MacDailyNews Note: Legacy Academy is Colorado’s first iSchool. Through a partnership with iSchool, Legacy has done a complete technology overhaul and implemented hundreds of Apple devices and substantial amounts of other Apple equipment. Legacy is a “One-to-One” environment in which every student (K-8) has their own iPad 2 for use during the school year. Students and their parents are responsible for the Apple equipment and the device is managed/controlled by the school. iPads are used on a daily basis in every class and have added a previously-unseen level of enthusiasm to the learning environment. In addition to individual iPads, Legacy Academy students also have access to MacBook Pros, an iMac Computer lab, high-speed internet, and file sharing systems that allow our teachers and students to collaborate on their locally hosted “cloud.”

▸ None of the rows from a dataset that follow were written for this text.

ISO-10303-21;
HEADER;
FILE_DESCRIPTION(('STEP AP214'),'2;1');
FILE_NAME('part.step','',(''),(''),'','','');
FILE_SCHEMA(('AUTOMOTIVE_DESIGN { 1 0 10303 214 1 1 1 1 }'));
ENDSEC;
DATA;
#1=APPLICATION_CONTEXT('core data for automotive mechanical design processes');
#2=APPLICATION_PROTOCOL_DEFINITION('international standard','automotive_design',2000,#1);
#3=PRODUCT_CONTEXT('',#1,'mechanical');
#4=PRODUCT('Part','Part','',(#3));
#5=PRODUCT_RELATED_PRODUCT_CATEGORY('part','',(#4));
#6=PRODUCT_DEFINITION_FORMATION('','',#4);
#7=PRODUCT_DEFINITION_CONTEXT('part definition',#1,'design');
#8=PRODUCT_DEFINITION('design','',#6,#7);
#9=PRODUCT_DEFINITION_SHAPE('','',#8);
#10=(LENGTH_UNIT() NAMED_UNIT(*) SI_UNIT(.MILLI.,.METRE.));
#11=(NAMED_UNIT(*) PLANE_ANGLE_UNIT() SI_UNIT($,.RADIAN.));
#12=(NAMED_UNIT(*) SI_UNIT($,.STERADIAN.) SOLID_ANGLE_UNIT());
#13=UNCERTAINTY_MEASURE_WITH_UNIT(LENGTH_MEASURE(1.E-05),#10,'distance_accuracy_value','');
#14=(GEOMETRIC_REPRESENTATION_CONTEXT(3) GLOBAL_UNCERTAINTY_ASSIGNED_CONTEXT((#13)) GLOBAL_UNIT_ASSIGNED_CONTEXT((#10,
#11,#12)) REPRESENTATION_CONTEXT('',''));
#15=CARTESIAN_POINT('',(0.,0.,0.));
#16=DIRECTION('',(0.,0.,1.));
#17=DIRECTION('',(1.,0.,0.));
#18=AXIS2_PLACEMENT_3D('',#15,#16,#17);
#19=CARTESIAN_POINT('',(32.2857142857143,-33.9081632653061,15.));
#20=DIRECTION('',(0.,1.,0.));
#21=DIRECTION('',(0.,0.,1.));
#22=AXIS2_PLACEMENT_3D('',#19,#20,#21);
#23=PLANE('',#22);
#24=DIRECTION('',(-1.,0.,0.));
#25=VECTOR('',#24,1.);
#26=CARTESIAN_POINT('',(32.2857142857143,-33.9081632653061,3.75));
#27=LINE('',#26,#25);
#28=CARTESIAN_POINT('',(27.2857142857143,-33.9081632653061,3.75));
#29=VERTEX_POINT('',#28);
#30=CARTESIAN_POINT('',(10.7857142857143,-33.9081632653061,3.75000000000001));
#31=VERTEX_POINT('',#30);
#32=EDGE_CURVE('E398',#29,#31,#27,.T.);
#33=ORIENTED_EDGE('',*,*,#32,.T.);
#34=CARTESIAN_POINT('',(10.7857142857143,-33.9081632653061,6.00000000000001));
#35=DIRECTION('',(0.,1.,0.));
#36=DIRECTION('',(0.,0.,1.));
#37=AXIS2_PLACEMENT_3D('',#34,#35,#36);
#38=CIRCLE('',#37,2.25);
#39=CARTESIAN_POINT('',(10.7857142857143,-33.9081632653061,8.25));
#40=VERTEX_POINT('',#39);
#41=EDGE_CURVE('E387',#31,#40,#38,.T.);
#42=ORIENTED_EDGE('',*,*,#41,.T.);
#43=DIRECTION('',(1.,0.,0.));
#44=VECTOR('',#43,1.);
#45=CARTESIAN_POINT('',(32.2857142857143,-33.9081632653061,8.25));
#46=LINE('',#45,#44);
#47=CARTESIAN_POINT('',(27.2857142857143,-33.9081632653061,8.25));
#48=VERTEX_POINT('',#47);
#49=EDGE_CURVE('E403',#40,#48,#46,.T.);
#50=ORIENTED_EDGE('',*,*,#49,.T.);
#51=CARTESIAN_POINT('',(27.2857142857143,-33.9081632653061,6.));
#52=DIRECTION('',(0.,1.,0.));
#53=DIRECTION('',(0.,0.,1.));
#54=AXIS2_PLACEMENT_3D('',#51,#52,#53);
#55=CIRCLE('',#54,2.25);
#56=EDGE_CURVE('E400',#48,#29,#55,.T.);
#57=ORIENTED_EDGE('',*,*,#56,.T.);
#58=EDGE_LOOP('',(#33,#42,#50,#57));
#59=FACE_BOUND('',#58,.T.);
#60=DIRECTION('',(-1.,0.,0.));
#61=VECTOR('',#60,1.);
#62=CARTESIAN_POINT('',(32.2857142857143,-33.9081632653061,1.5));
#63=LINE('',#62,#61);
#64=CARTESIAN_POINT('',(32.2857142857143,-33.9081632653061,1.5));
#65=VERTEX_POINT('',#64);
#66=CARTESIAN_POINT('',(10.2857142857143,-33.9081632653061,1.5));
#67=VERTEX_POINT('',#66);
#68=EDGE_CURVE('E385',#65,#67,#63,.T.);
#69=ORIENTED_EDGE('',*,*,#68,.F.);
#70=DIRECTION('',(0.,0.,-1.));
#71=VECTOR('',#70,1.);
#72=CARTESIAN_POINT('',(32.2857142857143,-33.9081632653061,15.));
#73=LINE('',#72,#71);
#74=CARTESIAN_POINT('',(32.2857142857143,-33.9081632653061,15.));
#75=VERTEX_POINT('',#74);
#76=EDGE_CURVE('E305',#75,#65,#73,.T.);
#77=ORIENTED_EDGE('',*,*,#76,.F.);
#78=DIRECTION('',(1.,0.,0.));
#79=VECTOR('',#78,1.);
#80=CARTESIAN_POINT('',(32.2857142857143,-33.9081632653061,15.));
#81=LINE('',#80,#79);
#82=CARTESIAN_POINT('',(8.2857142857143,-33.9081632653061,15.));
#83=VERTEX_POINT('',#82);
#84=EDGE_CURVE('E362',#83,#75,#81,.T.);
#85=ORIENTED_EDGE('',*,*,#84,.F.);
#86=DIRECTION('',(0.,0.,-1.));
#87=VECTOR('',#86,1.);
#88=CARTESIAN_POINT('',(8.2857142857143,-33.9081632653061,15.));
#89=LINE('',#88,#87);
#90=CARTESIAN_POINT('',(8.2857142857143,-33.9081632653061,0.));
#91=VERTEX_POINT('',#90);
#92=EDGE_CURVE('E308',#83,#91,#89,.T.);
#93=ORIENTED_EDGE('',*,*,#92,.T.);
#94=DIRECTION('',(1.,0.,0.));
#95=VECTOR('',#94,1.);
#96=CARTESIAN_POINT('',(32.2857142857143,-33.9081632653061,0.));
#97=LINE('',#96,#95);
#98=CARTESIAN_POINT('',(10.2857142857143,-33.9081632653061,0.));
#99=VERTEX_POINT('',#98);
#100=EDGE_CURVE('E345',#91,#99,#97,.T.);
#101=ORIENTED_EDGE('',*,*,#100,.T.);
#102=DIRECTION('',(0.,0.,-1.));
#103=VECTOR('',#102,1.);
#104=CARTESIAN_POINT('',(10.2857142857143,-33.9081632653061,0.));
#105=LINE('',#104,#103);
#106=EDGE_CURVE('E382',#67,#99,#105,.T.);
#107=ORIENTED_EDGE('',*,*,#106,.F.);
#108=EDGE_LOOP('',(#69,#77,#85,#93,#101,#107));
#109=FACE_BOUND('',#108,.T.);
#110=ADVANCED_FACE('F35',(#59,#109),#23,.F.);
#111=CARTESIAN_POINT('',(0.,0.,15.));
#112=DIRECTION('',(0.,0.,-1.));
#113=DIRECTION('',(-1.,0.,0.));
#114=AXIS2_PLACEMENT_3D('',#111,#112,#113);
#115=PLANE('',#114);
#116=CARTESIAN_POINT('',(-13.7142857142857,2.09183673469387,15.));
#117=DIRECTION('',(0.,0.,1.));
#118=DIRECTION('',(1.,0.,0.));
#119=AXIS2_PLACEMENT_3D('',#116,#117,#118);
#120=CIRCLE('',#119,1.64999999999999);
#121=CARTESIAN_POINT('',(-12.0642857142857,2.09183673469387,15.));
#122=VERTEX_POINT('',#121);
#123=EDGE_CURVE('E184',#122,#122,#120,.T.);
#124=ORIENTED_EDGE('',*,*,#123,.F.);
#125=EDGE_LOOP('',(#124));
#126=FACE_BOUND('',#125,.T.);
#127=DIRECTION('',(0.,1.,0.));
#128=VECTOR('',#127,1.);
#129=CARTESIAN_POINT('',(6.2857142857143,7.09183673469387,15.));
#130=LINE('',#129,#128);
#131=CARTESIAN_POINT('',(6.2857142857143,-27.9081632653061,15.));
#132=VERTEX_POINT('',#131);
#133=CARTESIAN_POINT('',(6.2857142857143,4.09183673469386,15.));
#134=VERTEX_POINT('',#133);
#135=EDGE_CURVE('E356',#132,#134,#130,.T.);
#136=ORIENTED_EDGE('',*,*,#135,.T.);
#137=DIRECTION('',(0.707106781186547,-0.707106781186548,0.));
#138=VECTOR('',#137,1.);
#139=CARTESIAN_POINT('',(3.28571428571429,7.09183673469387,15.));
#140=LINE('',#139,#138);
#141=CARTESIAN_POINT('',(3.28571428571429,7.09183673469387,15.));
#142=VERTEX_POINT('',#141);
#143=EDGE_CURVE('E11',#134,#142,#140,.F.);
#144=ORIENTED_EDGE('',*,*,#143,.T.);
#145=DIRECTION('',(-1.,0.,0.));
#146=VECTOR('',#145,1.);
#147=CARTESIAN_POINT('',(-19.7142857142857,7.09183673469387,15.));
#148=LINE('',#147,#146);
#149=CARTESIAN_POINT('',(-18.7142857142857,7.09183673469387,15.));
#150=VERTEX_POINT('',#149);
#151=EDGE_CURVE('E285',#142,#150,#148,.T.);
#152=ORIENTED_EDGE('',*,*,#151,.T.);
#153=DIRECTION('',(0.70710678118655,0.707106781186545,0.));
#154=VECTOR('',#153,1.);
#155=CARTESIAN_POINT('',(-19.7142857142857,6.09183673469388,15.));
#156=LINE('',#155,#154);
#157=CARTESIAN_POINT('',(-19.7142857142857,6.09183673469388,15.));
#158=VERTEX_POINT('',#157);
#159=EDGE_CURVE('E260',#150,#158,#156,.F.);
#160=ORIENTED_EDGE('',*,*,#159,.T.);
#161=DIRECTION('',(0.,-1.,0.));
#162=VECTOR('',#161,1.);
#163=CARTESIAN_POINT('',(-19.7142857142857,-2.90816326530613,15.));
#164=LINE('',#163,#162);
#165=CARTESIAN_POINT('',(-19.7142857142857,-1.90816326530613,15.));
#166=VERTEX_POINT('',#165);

Simpson reports, “Legacy’s choice to fully embrace iPads was part of its larger decision last spring to go all-Apple and earn designation as the state’s only iSchool. In the midst of budget cuts, the school found financing for the technology makeover from Apple and so far doesn’t charge parents any additional fee. Enrollment has grown from fewer than 300 — and on the decline — to 448, providing a significant per-pupil funding boost… Denver’s Grant Beacon Middle School won a grant to purchase 150 iPads… In Manitou Springs School District 14, administrators ordered 600 iPads — one for each student in grades five through eight plus a few classroom sets for the high school, which probably will get more tablets next year.””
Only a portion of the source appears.